What major factor determines whether or not an occluded vessel will cause MI?

Answer 54

Growth rate. If slow, have time to develop collaterals.

Bad things: thin fibrous cap, lipid rich core, active inflam

Question 55

Pacemaker with what 3 leads? How to get there?

Answer 55

RA, RV - L subclavian -> SVC

LV - RA -> coronary sinus (atrioventricular groove) -> lateral venous tributaries

Question 56

What point on the LV curve is closest to opening snap?

Answer 56

Mitral valve opening, you idiot.

Question 57

What defect causes differential cyanosis - toes are cyanotic, but fingers are fine?

What defect causes whole body cyanosis?

Answer 57

Patient ductus arteriosus with reversal of flow now R -> L.

Septal defects with reversal of flow or TOF

Note: CoArc does NOT cause cyanosis - causes HF

Question 58

What kind of changes in arteries is associated with DM, long-standing non-malig HTN, and malig HTN?

Answer 58

DM, Long-standing nonmalig HTN = Hyaline Arteriolosclerosis

(homogenous deposition of eosinophilic hyaline material; probably due to production by SM in response to endothelial damage by HTN or DM)

Malignant HTN = Onion-like, concentric thickening

Question 59

Primary indiction and Adverse effects of :

Statin

Niacin

Fibric acid derivatives

Bile acid binding resins

Answer 59

Statin = high LDL = myopathy, hepatitis

Niacin = low HDL = vasodilation, hyperGLY, hyperUric acid, Hepatitis

Fibric acid derivatives = high TAG = gallstones, myopathy (worse with statins)

Bile acid binding resins = high LDL = GI upset, high TAG, malabsorption

Question 60

Pathogenesis of

Stable Angina

Unstable Angina/NSTEMI

MI

Answer 60

Stable Angina: Atherosclerotic plaque affecting >/= 75% of lumen (if < 75%, it’s asymptomatic still)
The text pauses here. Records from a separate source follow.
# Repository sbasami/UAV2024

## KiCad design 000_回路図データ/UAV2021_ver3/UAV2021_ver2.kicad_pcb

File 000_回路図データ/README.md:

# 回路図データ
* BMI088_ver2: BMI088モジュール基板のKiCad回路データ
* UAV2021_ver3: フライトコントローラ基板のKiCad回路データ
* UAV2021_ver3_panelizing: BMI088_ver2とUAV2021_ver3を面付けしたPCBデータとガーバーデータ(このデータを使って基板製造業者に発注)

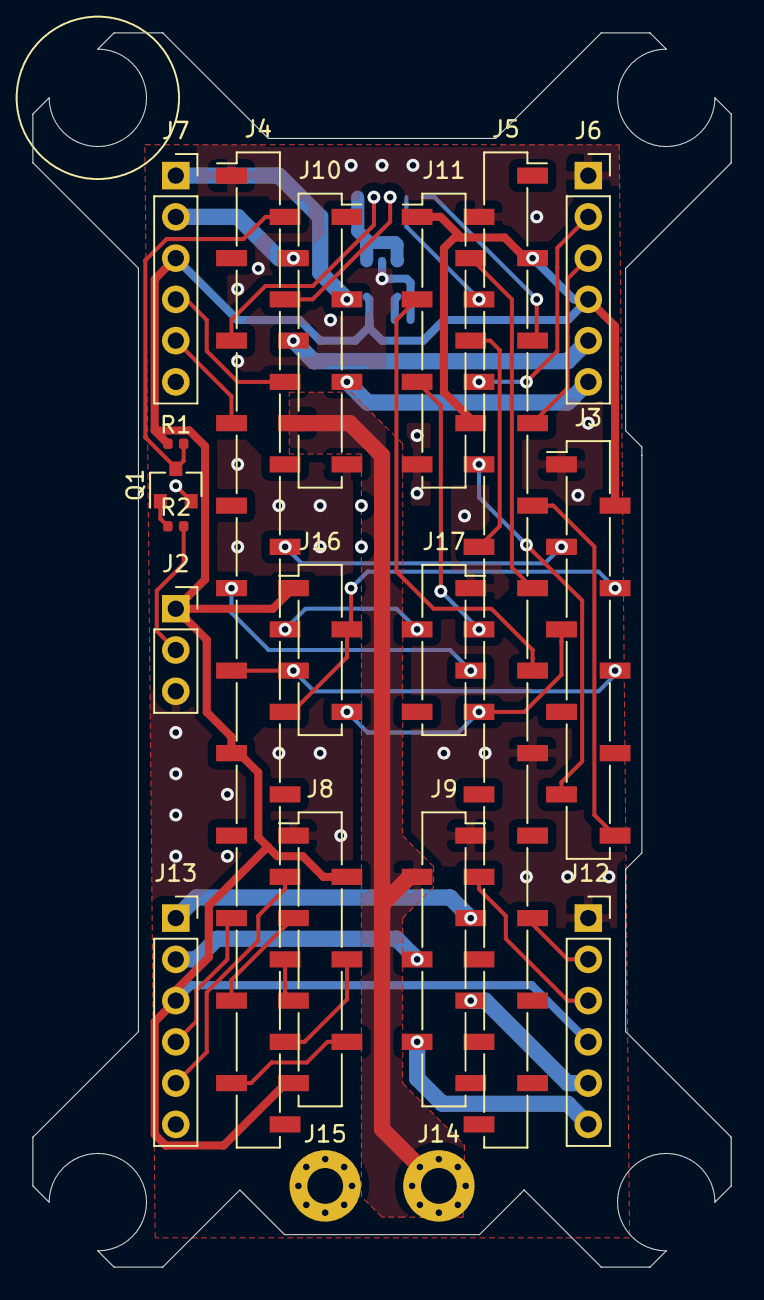
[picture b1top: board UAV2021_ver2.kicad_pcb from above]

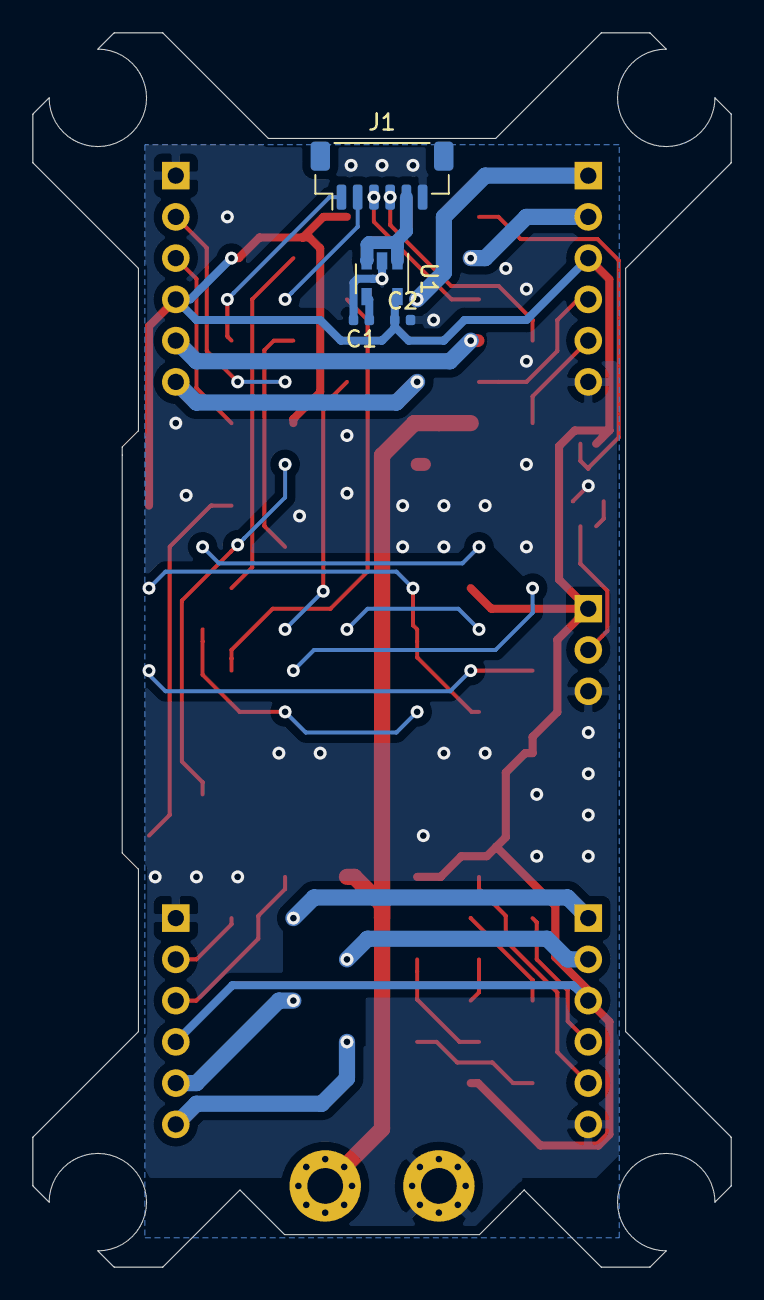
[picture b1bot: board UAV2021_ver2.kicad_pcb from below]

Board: 2 copper layers, 43.0 x 76.0 mm, 23 parts (4 on the bottom side), 44 nets.

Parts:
C1: 470p; C_0402_1005Metric
C2: 2.2u; C_0402_1005Metric
J1: Conn_01x06; JST_SH_BM06B-SRSS-TB_1x06-1MP_P1.00mm_Vertical
J2: Conn_01x03; PinSocket_1x03_P2.54mm_Vertical
J3: Conn_01x10; PinSocket_1x10_P2.54mm_Vertical_SMD_Pin1Left
J4: Conn_01x24; PinSocket_1x24_P2.54mm_Vertical_SMD_Pin1Left
J5: Conn_01x24; PinSocket_1x24_P2.54mm_Vertical_SMD_Pin1Right
J6, J7, J12, J13: Conn_01x06; PinSocket_1x06_P2.54mm_Vertical
J8, J11: Conn_01x07; PinSocket_1x07_P2.54mm_Vertical_SMD_Pin1Left
J9, J10: Conn_01x07; PinSocket_1x07_P2.54mm_Vertical_SMD_Pin1Right
J14, J15: Conn_01x01; MountingHole_2.2mm_M2_Pad_Via
J16: Conn_01x04; PinSocket_1x04_P2.54mm_Vertical_SMD_Pin1Left
J17: Conn_01x04; PinSocket_1x04_P2.54mm_Vertical_SMD_Pin1Right
Q1: 2N7002K; SOT-23
R1: 10k; R_0402_1005Metric
R2: 3.3k; R_0402_1005Metric
U1: MIC5219-3.3YM5; SOT-23-5

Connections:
+3V3: C2.1, J2.1, J3.2, J4.15, J5.3, J6.4, J7.3, J8.2, J8.7, J11.1, J11.6, J12.4, J13.3, J16.1, R1.1, U1.5
+7.5V: J1.5, U1.1, U1.3
/Sheet60DC4E71/RCV_IN: J2.2, R2.2
AENBL_1: J5.13, J11.3
AENBL_2: J4.20, J8.5
APHAZE_1: J5.11, J11.2
APHAZE_2: J4.23, J8.6
BENBL_1: J5.12, J11.5
BENBL_2: J4.21, J8.3
BPHAZE_1: J5.10, J11.4
BPHAZE_2: J4.22, J8.4
CS_A: J4.12, J17.2
CS_G: J4.11, J17.3
CS_O: J3.3, J4.10
FUTABA: J4.2, Q1.3, R1.2
GND: C1.2, C2.2, J1.6, J2.3, J3.1, J4.1, J5.2, J5.15, J6.1, J7.6, J8.1, J9.1, J10.7, J11.7, J12.1, J13.6, J15.1, J17.1, Q1.2, U1.2
M1_1: J6.6, J10.5
M1_2: J9.6, J12.6
M1_3: J9.3, J13.1
M1_4: J7.1, J10.3
M2_1: J6.5, J10.4
M2_2: J9.5, J12.5
M2_3: J9.4, J13.2
M2_4: J7.2, J10.2
MISO: J3.4, J4.14, J16.2
MOSI: J3.6, J4.13, J16.3
unnamed: C1.1, U1.4
unnamed: Q1.1, R2.1
OUTA_1: J5.7, J6.3
OUTA_2: J5.18, J12.3
OUTA_3: J4.19, J13.4
OUTA_4: J4.6, J7.4
OUTB_1: J5.6, J6.2
OUTB_2: J5.19, J12.2
OUTB_3: J4.18, J13.5
OUTB_4: J4.7, J7.5
PWM_1: J1.1, J5.5
PWM_2: J1.2, J5.4
PWM_3: J1.3, J4.4
PWM_4: J1.4, J4.5
SCK: J3.5, J5.14, J16.4
SCL: J3.9, J5.8
SDA: J3.10, J5.9
VCC: J9.2, J10.6, J14.1

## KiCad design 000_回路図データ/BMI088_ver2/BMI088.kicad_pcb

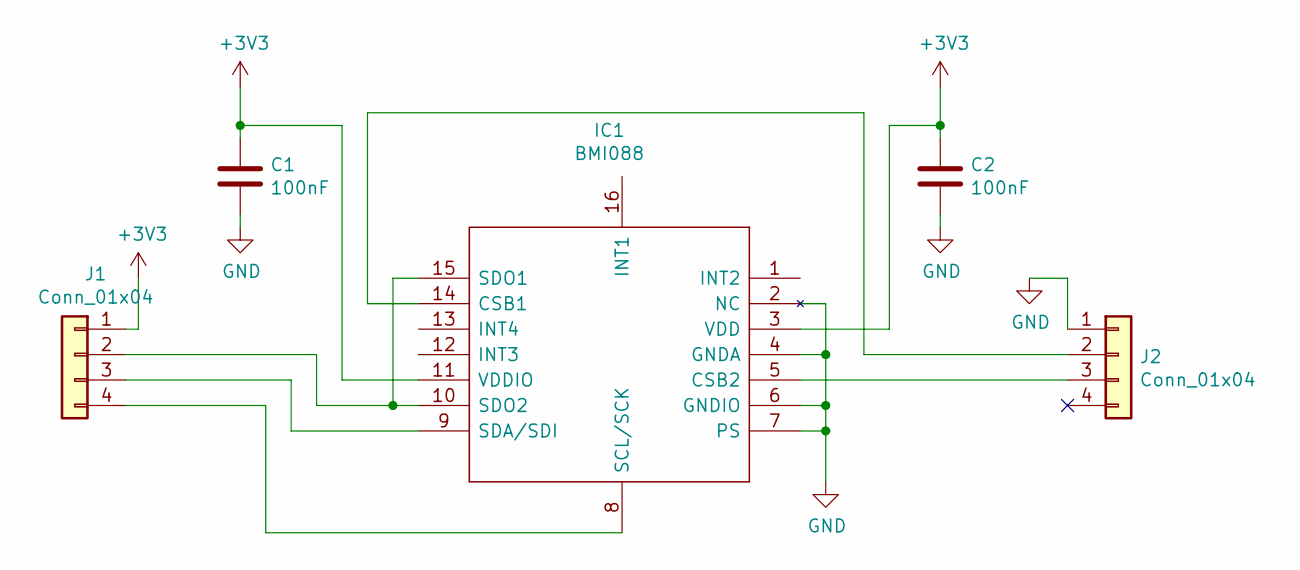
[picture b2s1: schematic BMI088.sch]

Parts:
C1, C2: 100nF; C_0402_1005Metric
IC1: BMI088; Manufacturer_Part_Number BMI088
J1, J2: Conn_01x04; PinHeader_1x04_P2.54mm_Vertical

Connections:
+3V3: C1.1, C2.1, IC1.3 (VDD), IC1.11 (VDDIO), J1.1
GND: C1.2, C2.2, IC1.2 (NC), IC1.4 (GNDA), IC1.6 (GNDIO), IC1.7 (PS), J2.1
unnamed: IC1.5 (CSB2), J2.3
unnamed: IC1.8 (SCL/SCK), J1.4
unnamed: IC1.9 (SDA/SDI), J1.3
unnamed: IC1.10 (SDO2), IC1.15 (SDO1), J1.2
unnamed: IC1.14 (CSB1), J2.2

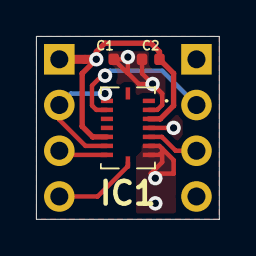
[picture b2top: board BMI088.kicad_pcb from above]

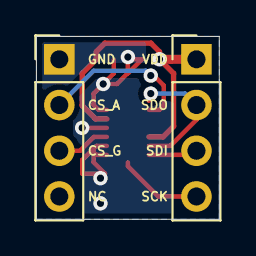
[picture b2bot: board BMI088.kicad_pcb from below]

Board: 2 copper layers, 10.2 x 10.2 mm, 5 parts (2 on the bottom side), 7 nets.

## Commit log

2024-07-15 回路図データを追加
    追加したデータがそれぞれ何なのかは000_回路図データフォルダ内のREADME.mdを参照
2024-07-21 3Dデータを追加
2024-08-17 PlatformIOでTeensy4.1用のプロジェクトを作成
2024-08-17 Clang-formatの追加
2024-08-17 Cppcheckで静的解析を実施する設定を追加
    Platform IOはデフォルトで暗黙的にCppcheckで静的解析を実施するようになっているが明示的に設定
    詳細は下記参照
    https://docs.platformio.org/en/latest//advanced/static-code-analysis/tools/cppcheck.html
2024-08-25 Clang-formatルール更新、Clang Format Editorにアップロードする用のファイル(clamg-format)追加
2024-08-26 SbusReceiverクラス追加
    Sbusで受信したデータを0~1の範囲のデータに変換して提供する
2024-08-27 cppcheckの指摘修正
    Class 'SbusReceiver' has a constructor with 1 argument that is not explicit.
2024-08-27 ビルドエラーになったので変数名変更
2024-08-27 不要な定義削除、defineをconstexprに変更
2024-08-30 ServoEncoderクラス追加
    エンコーダで取得した値をdeg or radの単位で提供する
2024-08-31 ServoDriverクラス追加
    Dutyを-1~1の範囲で設定しPWM出力する
2024-08-31 ServoControllerクラス追加
    目標角度[rad]、現在角度[rad]、電源電圧[V]からDuty[-1~1]を計算する
2024-08-31 Servo関係の処理をservo.cppに集約
2024-09-01 cppcheckの指摘修正
2024-09-21 AttitudeSensorクラス追加
    センサ情報から機体の姿勢を計算するクラス
2024-09-22 ThrustDriverクラス、ThrustControllerクラス追加、Thrust関係の処理をthrust.cppに集約
    ThrustDriverクラス：Dutyを0~1の範囲で設定しPWM出力する
    ThrustControllerクラス：推力[N]をDuty[0-1]に変換する(現状は入力値を0-1で制限する機能のみ)
2024-11-04 ServoDriverに回転方向を変更する機能を追加
    回路的に1つだけモータの接続が反転しているため4つのモータに同じ信号を送った時に1つだけ反対方向に回転していた。
    ハードの差を吸収できるようにソフト的に回転方向を指定できる機能を追加。
2024-12-01 AttitudeControllerクラス
    目標姿勢と現在姿勢の回転行列から誤差回転行列を計算し、PID制御の制御量を計算する
2024-12-01 AttitudePlannerクラス追加
    プロポの信号と現在姿勢から目標姿勢を計算する
2024-12-01 PositionControllerクラス追加
    位置の制御量を計算する
2024-12-01 Distributorクラス
    位置と姿勢の操作量をモータ推力とサーボ角度に変換する
2024-12-01 ドローン制御関係の処理をdrone.cppに集約
2024-12-01 main.cをドローン制御用に変更(この時点で一応飛行できる)
2024-12-01 Yaw軸Pゲインを調整
2024-12-14 位置の制御量を座標変換する機能を追加
    姿勢が傾いても操作感覚が変わらないように位置の制御量を姿勢で座標変換
2025-02-11 目標姿勢をランプ上に変化させる機能を追加
2025-02-11 加速度センサの初期化失敗の対策
2025-02-11 プロポのY軸制御の座標系が間違っていたので修正
    プロポの操作に対する操作量の変化の方向が変わったのでプログラム側も修正
2025-02-12 チルト飛行に関連するパラメータのIF関数追加
2025-02-15 コメント追加変更

Unstable Angina/NSTEMI: Ulcerated plaque with partially obstructive thrombus

MI: Ruptured plaque with fully obstructive thrombus

Question 61

Most common site of atherosclerotic development

Answer 61

Abdominal Aorta

Then coronary , popliteal, int carotid, circle of willis.

Question 62

Systolic vs. Diastolic Dysfxn

Answer 62

Systolic

• DILATED heart.
• low EF, poor contractility
• 2/2 ischemic heart diseae, dilated cardiomyopathy

Diastolic

• HYPERTROPHIC heart
• nl EF, nl contractility
• impaired relaxation, compliance.
• 2/2 HTN heart disease, HOCM

Question 64

Symmetric bilateral LE edema + prominent abd wall collateral venous circulation

Answer 64

Obstruction of IVC

• such as from renal tumor
• suspected when LE edema and collateral abd wall vessels, but with no signs of RHF, cirrhosis, nephrotic syndrome

Question 65

Why is paclitaxel used for drug eluting stents?

Answer 65

To prevent intimal hyperplasia

Prevents microtubule breakdown causing arrest of cell cycle in M phase.